November, 2003: Even TV shows are getting dumbed down. CSI: Miami, a crime drama that takes place in modern times, recently profiled a crime that involved a webcam'd peep show. While I took a ton of computer reality violations with a ton of salt (blatantly invalid IP addresses, impossibly long WiFi distances, etc.), the one that just drove me nuts was when they tried to determine what company (name, phone number, address) was behind a particular IP address. "Hold on," computer tech says, and after churning through random IP addresses for nearly 10 seconds we get the output of a "whois" command. What was with all the IP addresses? Why not just type the damn whois command and get the output? I can understand entertainment making complex things simple for the benefit of the audience, but when they make a simple thing complex I just want to tear my own skin off. At least that experience was mitigated by one very clever use of computers: To determine the time of death. You see, when the guy was murdered, his head hit the keyboard, and he was in a word processor at the time. You figure it out :-)

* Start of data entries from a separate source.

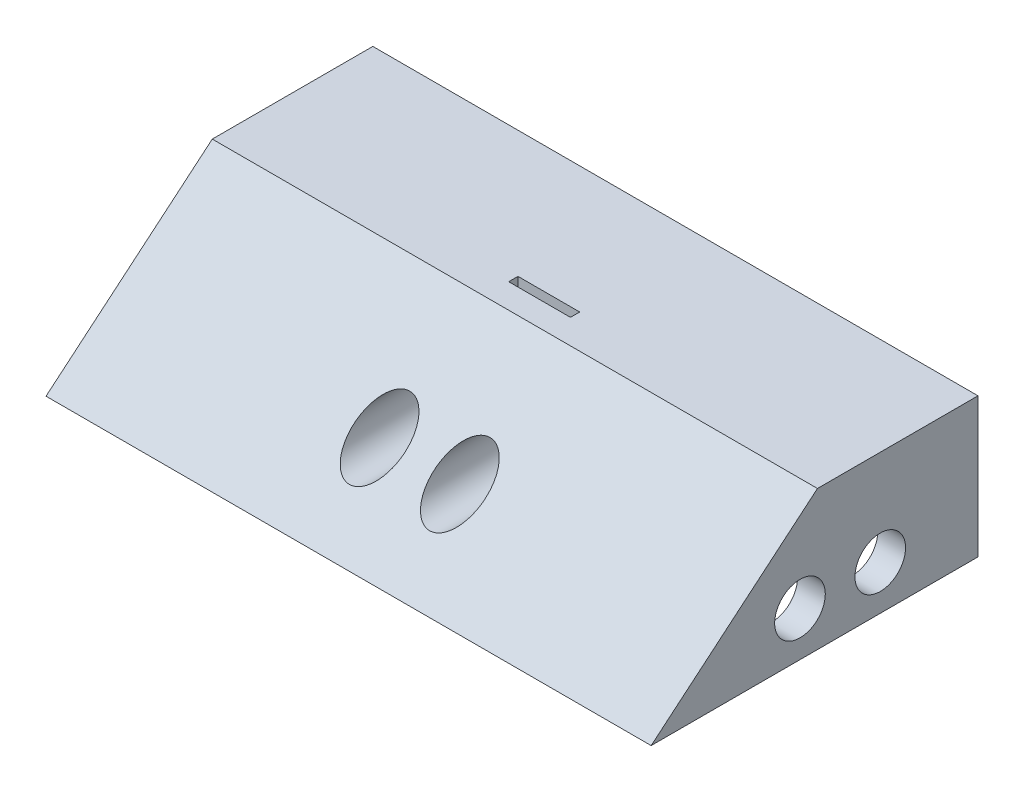
SolidWorks part; units mm, degrees
ref_plane "Alzado" through (0, 0, 0) normal (0, 0, 1) x (1, 0, 0)
ref_plane "Planta" through (0, 0, 0) normal (0, 1, 0) x (1, 0, 0)
ref_plane "Vista lateral" through (0, 0, 0) normal (1, 0, 0) x (0, 0, -1)
sketch "Croquis1" plane through (0, 0, 0) normal (1, 0, 0) x (0, 0, -1)
  line L0 (0, 0) -> (105.85, 0)
  line L1 (105.85, 0) -> (105.85, 45.19)
  line L2 (105.85, 45.19) -> (53.8553, 45.19)
  line L3 (0, 0) -> (53.8553, 45.19)
  line L4 (105.8531, 0) -> (105.8531, 45.19) construction
  line L5 (105.85, 0) -> (0, 0) construction
  line L6 (53.8553, 45.19) -> (105.85, 45.19) construction
  dimension "D1" = 105.85
  dimension "D2" = 45.19
  dimension "D3" = 140
extrude "Saliente-Extruir1" add sketch "Croquis1" along normal blind 196
shell "Vaciado1" thickness 4
sketch "Croquis2" plane through (196, 0, 0) normal (1, 0, 0) x (0, 0, -1)
  line L0 (-21.1601, -5.67) -> (105.85, -5.67) construction
  line L2 (53.8553, 45.19) -> (0, 0) construction
  circle A0 centre (48.1923, 14.33) radius 8.2
  circle A1 centre (74.1923, 14.33) radius 8.2
  dimension "D1" = 16.4
  dimension "D2" = 16.4
  dimension "D3" = 26
  dimension "D4" = 20
  dimension "D5" = 20
extrude "Cortar-Extruir1" cut sketch "Croquis2" against normal blind 4
sketch "Croquis3" plane through (196, 0, 0) normal (1, 0, 0) x (0, 0, -1)
  circle A0 centre (48.1923, 14.33) radius 8.2
  circle A1 centre (74.1923, 14.33) radius 8.2
  circle A2 centre (48.1923, 14.33) radius 9.2
  circle A3 centre (74.1923, 14.33) radius 9.2
  dimension "D1" = 16.4
  dimension "D2" = 16.4
  dimension "D3" = 18.4
  dimension "D4" = 18.4
extrude "Saliente-Extruir2" add sketch "Croquis3" against normal blind 9
fillet "Redondeo3" radius 3 2 edges at (192, 14.33, -83.3923) (192, 14.33, -57.3923)
ref_plane "Plano1" through (98, 0, 0) normal (1, 0, 0) x (0, 0, -1)
mirror "Simetría1" about plane through (98, 0, 0) normal (1, 0, 0) of "Saliente-Extruir2", "Cortar-Extruir1"
fillet "Redondeo4" radius 3 2 edges at (4, 14.33, -83.3923) (4, 14.33, -57.3923)
ref_plane "Plano2" through (0, 0, 0) normal (0, 0, 1) x (1, 0, 0)
sketch "Croquis4" plane through (0, 0, 0) normal (0, 0, 1) x (1, 0, 0)
  line L0 (98, -24.8545) -> (98, 24.8545) construction
  line L1 (196, -5.67) -> (0, -5.67) construction
  circle A0 centre (85, 19.33) radius 8.2
  circle A1 centre (111, 19.33) radius 8.2
  point P10 (116.927, 23.0606)
  dimension "D1" = 16.4
  dimension "D4" = 16.4
  dimension "D2" = 13
  dimension "D3" = 25
  dimension "D5" = 13
  dimension "D6" = 25
extrude "Cortar-Extruir2" cut sketch "Croquis4" against normal up to next
sketch "Croquis5" plane through (0, 0, 0) normal (0, 0, 1) x (1, 0, 0)
  circle A0 centre (85, 19.33) radius 8.2
  circle A1 centre (111, 19.33) radius 8.2
  circle A2 centre (111, 19.33) radius 9.2
  circle A3 centre (85, 19.33) radius 9.2
  dimension "D1" = 16.4
  dimension "D2" = 16.4
  dimension "D3" = 18.4
  dimension "D4" = 18.4
extrude "Saliente-Extruir3" add sketch "Croquis5" against normal blind 43
ref_plane "Plano3" through (0, 0, 0) normal (0, 0.766, 0.6428) x (1, 0, 0)
sketch "Croquis6" plane through (0, 0, 0) normal (0, 0.766, 0.6428) x (1, 0, 0)
  line L1 (57.9143, 48.3946) -> (140.7881, 48.3946)
  line L2 (57.9143, 48.3946) -> (57.9143, 4.7057)
  line L3 (57.9143, 4.7057) -> (140.7881, 4.7057)
  line L4 (140.7881, 48.3946) -> (140.7881, 4.7057)
  line L5 (57.9143, 48.3946) -> (140.7881, 4.7057) construction
  line L6 (57.9143, 4.7057) -> (140.7881, 48.3946) construction
  point P4 (99.3512, 26.5502)
extrude "Cortar-Extruir3" cut sketch "Croquis6" along normal up to next
sketch "Croquis9" plane through (0, 45.19, 0) normal (0, 1, 0) x (1, 0, 0)
  line L0 (196, 53.8553) -> (0, 53.8553) construction
  line L1 (88, 61.8553) -> (108, 61.8553)
  line L2 (88, 61.8553) -> (88, 64.8553)
  line L3 (88, 64.8553) -> (108, 64.8553)
  line L4 (108, 61.8553) -> (108, 64.8553)
  line L5 (88, 61.8553) -> (108, 64.8553) construction
  line L6 (88, 64.8553) -> (108, 61.8553) construction
  line L7 (0, 53.8553) -> (196, 53.8553) construction
  line L8 (98, 53.8553) -> (98, 72.5545) construction
  point P4 (108, 63.3553)
  point P7 (93.2604, 61.8553)
  point P14 (88.5762, 61.8553)
  dimension "D1" = 8
  dimension "D2" = 3
  dimension "D3" = 20
  dimension "D4" = 10
extrude "Cortar-Extruir4" cut sketch "Croquis9" against normal up to next

December, 2003: Okay, I've had it with CSI. Someone used "face manipulation software" to artificially age a young girl's face from an old photo. This in and of itself is not a problem; such software/technology is already available and in use by law enforcement. What pissed me off royally is that whenever an adjustment was made to the face, there were floppy disk drive noises and dot matrix printer noises sounding from somewhere. DOT FUCKING MATRIX NOISES. Does your computer sound like a rabid 9-pin dot matrix printer whenever you move the mouse in photoshop? No, I didn't think so. This is so incredibly stupid that I've prepared a RealVideo clip of the segment so that you can see for yourself just how asinine this looked and sounded. See if you can also spot how all the photos used in the reconstruction had a smiling mouth of teeth, but how the end result had no smile/teeth whatsoever. Or the fact that it took about all of two minutes to perform the work, when in real life it takes hours or days.

October, 2005: Someone pointed me to this additional list of Computer Movie Annoyances. Cute.

January, 2010: It turns out that such wacky computer interfaces are intentional. Doesn't make it right!